What you have to do:
Copy each line below that has "SwitchB".

[[ Dataset excerpts open ]]

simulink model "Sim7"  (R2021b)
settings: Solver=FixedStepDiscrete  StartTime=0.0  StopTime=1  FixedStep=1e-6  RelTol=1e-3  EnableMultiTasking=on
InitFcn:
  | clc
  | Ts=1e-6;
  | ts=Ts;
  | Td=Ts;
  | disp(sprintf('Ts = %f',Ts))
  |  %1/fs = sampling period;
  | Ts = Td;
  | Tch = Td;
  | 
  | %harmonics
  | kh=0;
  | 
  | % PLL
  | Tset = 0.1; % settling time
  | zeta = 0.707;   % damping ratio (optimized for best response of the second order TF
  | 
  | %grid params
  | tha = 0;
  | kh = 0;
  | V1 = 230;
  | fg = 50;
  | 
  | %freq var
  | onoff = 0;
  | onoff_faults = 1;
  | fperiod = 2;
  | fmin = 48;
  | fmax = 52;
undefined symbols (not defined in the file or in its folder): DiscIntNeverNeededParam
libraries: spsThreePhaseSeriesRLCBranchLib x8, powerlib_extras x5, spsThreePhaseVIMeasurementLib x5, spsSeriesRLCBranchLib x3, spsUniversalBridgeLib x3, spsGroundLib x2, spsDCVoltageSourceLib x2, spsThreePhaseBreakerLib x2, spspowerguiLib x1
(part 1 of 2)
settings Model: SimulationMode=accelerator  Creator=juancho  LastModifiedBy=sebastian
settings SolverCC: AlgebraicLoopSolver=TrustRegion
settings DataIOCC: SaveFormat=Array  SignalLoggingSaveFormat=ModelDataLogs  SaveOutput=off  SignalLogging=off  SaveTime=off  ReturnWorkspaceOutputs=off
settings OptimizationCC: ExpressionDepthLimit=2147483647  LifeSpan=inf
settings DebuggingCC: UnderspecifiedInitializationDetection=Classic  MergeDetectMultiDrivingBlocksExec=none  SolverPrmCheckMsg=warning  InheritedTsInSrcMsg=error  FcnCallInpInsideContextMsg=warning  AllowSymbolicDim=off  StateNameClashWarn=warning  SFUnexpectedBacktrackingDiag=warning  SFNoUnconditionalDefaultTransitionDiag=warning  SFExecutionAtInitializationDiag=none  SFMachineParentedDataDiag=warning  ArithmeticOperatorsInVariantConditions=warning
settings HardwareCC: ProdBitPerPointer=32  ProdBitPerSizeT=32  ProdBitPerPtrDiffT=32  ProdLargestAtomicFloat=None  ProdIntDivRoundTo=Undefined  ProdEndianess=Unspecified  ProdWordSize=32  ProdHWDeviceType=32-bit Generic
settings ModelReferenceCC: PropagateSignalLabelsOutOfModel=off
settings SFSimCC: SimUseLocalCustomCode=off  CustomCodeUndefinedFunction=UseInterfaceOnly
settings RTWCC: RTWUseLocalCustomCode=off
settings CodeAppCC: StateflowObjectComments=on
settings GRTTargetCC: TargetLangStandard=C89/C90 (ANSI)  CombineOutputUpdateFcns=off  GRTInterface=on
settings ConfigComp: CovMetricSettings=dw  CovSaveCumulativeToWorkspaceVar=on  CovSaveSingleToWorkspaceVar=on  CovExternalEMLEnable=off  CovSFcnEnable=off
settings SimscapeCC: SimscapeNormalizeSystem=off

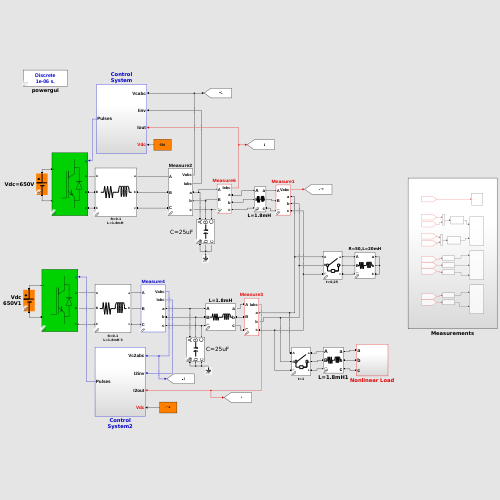
[thumbnail: Simulink's stored preview of the top-level diagram]
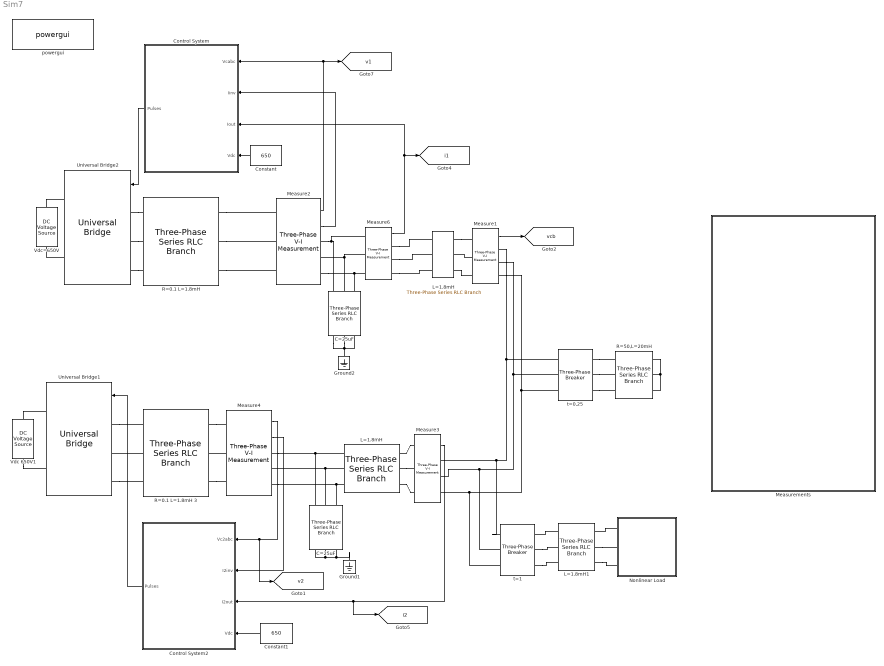
== system Sim7 ==
  C=25uF : spsThreePhaseSeriesRLCBranchLib/Three-Phase Series RLC Branch  LConnTagsString=A|B|C  RConnTagsString=A|B|C  BranchType=C  Resistance=1.0  Inductance=1e-3  Capacitance=25e-6  Measurements=None
  "C=25uF " : spsThreePhaseSeriesRLCBranchLib/Three-Phase Series RLC Branch  LConnTagsString=A|B|C  RConnTagsString=A|B|C  BranchType=C  Resistance=1.0  Inductance=1e-3  Capacitance=25e-6  Measurements=None
  Constant : Constant  Value=650
  Constant1 : Constant  Value=650
  Control System : Subsystem
  Control System2 : Subsystem
  Ground1 : spsGroundLib/Ground  LConnTagsString=a
  Ground2 : spsGroundLib/Ground  LConnTagsString=a
  L=1.8mH : spsThreePhaseSeriesRLCBranchLib/Three-Phase Series RLC Branch  LConnTagsString=A|B|C  RConnTagsString=A|B|C  BranchType=RL  Resistance=0.1  Inductance=1.8e-3  Capacitance=1.0  Measurements=None
  "L=1.8mH " : spsThreePhaseSeriesRLCBranchLib/Three-Phase Series RLC Branch  LConnTagsString=A|B|C  RConnTagsString=A|B|C  BranchType=RL  Resistance=0.1  Inductance=1.8e-3  Capacitance=1.0  Measurements=None
  L=1.8mH1 : spsThreePhaseSeriesRLCBranchLib/Three-Phase Series RLC Branch  LConnTagsString=A|B|C  RConnTagsString=A|B|C  BranchType=RL  Resistance=0.1  Inductance=(1.8e-3)  Capacitance=1.0  Measurements=None
  Measure1 : spsThreePhaseVIMeasurementLib/Three-Phase V-I Measurement  VoltageMeasurement=phase-to-ground  SetLabelV=off  LabelV=V1  Vpu=off  VpuLL=off  CurrentMeasurement=no  SetLabelI=off  LabelI=I1  Ipu=off  Pbase=1e3  Vbase=380  OutputType=Magnitude  PhasorSimulation=off  PSBequivalent=0
  Measure2 : spsThreePhaseVIMeasurementLib/Three-Phase V-I Measurement  VoltageMeasurement=phase-to-ground  SetLabelV=off  LabelV=V1  Vpu=off  VpuLL=off  CurrentMeasurement=yes  SetLabelI=off  LabelI=I1  Ipu=off  Pbase=1e3  Vbase=380  OutputType=Magnitude  PhasorSimulation=off  PSBequivalent=0
  Measure3 : spsThreePhaseVIMeasurementLib/Three-Phase V-I Measurement  VoltageMeasurement=no  SetLabelV=off  LabelV=V1  Vpu=off  VpuLL=off  CurrentMeasurement=yes  SetLabelI=off  LabelI=I1  Ipu=off  Pbase=1e3  Vbase=380  OutputType=Magnitude  PhasorSimulation=off  PSBequivalent=0
  Measure4 : spsThreePhaseVIMeasurementLib/Three-Phase V-I Measurement  VoltageMeasurement=phase-to-ground  SetLabelV=off  LabelV=V1  Vpu=off  VpuLL=off  CurrentMeasurement=yes  SetLabelI=off  LabelI=I1  Ipu=off  Pbase=1e3  Vbase=380  OutputType=Magnitude  PhasorSimulation=off  PSBequivalent=0
  Measure6 : spsThreePhaseVIMeasurementLib/Three-Phase V-I Measurement  VoltageMeasurement=no  SetLabelV=off  LabelV=V1  Vpu=off  VpuLL=off  CurrentMeasurement=yes  SetLabelI=off  LabelI=I1  Ipu=off  Pbase=1e3  Vbase=380  OutputType=Magnitude  PhasorSimulation=off  PSBequivalent=0
  Measurements : Subsystem
  Nonlinear Load : Subsystem
  "R=0.1 L=1.8mH " : spsThreePhaseSeriesRLCBranchLib/Three-Phase Series RLC Branch  LConnTagsString=A|B|C  RConnTagsString=A|B|C  BranchType=RL  Resistance=0.1  Inductance=1.8e-3  Capacitance=1.0  Measurements=None
  R=0.1 L=1.8mH 3 : spsThreePhaseSeriesRLCBranchLib/Three-Phase Series RLC Branch  LConnTagsString=A|B|C  RConnTagsString=A|B|C  BranchType=RL  Resistance=0.1  Inductance=1.8e-3  Capacitance=1.0  Measurements=None
  R=50,L=20mH : spsThreePhaseSeriesRLCBranchLib/Three-Phase Series RLC Branch  LConnTagsString=A|B|C  RConnTagsString=A|B|C  BranchType=RL  Resistance=50  Inductance=20e-3  Capacitance=1.0  Measurements=None
  Universal Bridge1 : spsUniversalBridgeLib/Universal Bridge  Arms=3  SnubberResistance=1e5  SnubberCapacitance=inf  Device=IGBT / Diodes  Ron=1e-3  Lon=0  ForwardVoltages="[  0  0  ]"  ForwardVoltage=0  GTOparameters=[ 10e-6 , 20e-6 ]  IGBTparameters=[ 1e-6 , 2e-6]  Measurements=None  Measurements_2=None  converterType=Rectifier
  Universal Bridge2 : spsUniversalBridgeLib/Universal Bridge  Arms=3  SnubberResistance=1e5  SnubberCapacitance=inf  Device=IGBT / Diodes  Ron=1e-3  Lon=0  ForwardVoltages="[  0  0  ]"  ForwardVoltage=0  GTOparameters=[ 10e-6 , 20e-6 ]  IGBTparameters=[ 1e-6 , 2e-6 ]  Measurements=None  Measurements_2=None  converterType=Rectifier
  Vdc 650V1 : spsDCVoltageSourceLib/DC Voltage Source  Description=source block  Amplitude=650  Measurements=None
      settings: AttributesFormatString=\n
  Vdc=650V : spsDCVoltageSourceLib/DC Voltage Source  Description=source block  Amplitude=650  Measurements=None
      settings: AttributesFormatString=\n
  powergui : spspowerguiLib/powergui  Priority=1  SimulationMode=Discrete  SampleTime=1e-6  frequency=60  Iterations=50  frequencyindice=0  Pbase=100e6  ErrMax=1e-4  UnitsV=kV  UnitsW=MW  buscounter=0  FunctionMessages=off  echomessages=off  EnableUseOfTLC=off  CurrentSourceSwitches=off  DisableSnubberDevices=off  DisableRonSwitches=off  DisableVfSwitches=off  DisplayEquations=off  AutomaticDiscreteSolvers=off  SolverType=Tustin  Interpol=off  ExternalGateDelay=off  methode=off  Ts=0  x0status=blocks  SPID=off  SwTol=0  HookPort=off  NonlinearTolerance=1e-4  nMaxIteration=100  ContinueOnMaxIteration=off  RestoreLinks=warning  ResistiveCurrentMeasurement=off  Frange=[0:2:500]  Ylog=off  Xlog=on  ShowGrid=off  save=off  variable=ZData  structure=vload  ZoomFFT=off  StartTime=4.8  cycles=9  DisplayStyle=1  fundamental=49.953  FreqAxis=on  MaxFrequency=1000  frequencyindicesteady=1  RmsSteady=1  display=off
  "t=0,25 " : spsThreePhaseBreakerLib/Three-Phase Breaker  InitialState=open  SwitchA=on  SwitchB=on  SwitchC=on  SwitchTimes=0.25  External=off  BreakerResistance=0.001  SnubberResistance=1e6  SnubberCapacitance=inf  Measurements=None
  t=1 : spsThreePhaseBreakerLib/Three-Phase Breaker  InitialState=open  SwitchA=on  SwitchB=on  SwitchC=on  SwitchTimes=1  External=off  BreakerResistance=0.001  SnubberResistance=1e6  SnubberCapacitance=inf  Measurements=Breaker voltages and currents
  tag scope: i1=global, i2=global, v1=global, v2=global, vcb=global
  wires:
  Control System/1(Pulses) -> Universal Bridge2/1
  Constant/1 -> Control System/4(Vdc)
  Measure2/1 -> Control System/1(Vcabc), [v1]
  Measure4/1 -> [v2], Control System2/1(Vc2abc)
  Control System2/1(Pulses) -> Universal Bridge1/1
  Measure4/2 -> Control System2/2(I2inv)
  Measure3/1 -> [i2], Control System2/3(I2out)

[[ Dataset excerpts closed ]]

Finished exercise:
  "t=0,25 " : spsThreePhaseBreakerLib/Three-Phase Breaker  InitialState=open  SwitchA=on  SwitchB=on  SwitchC=on  SwitchTimes=0.25  External=off  BreakerResistance=0.001  SnubberResistance=1e6  SnubberCapacitance=inf  Measurements=None
  t=1 : spsThreePhaseBreakerLib/Three-Phase Breaker  InitialState=open  SwitchA=on  SwitchB=on  SwitchC=on  SwitchTimes=1  External=off  BreakerResistance=0.001  SnubberResistance=1e6  SnubberCapacitance=inf  Measurements=Breaker voltages and currents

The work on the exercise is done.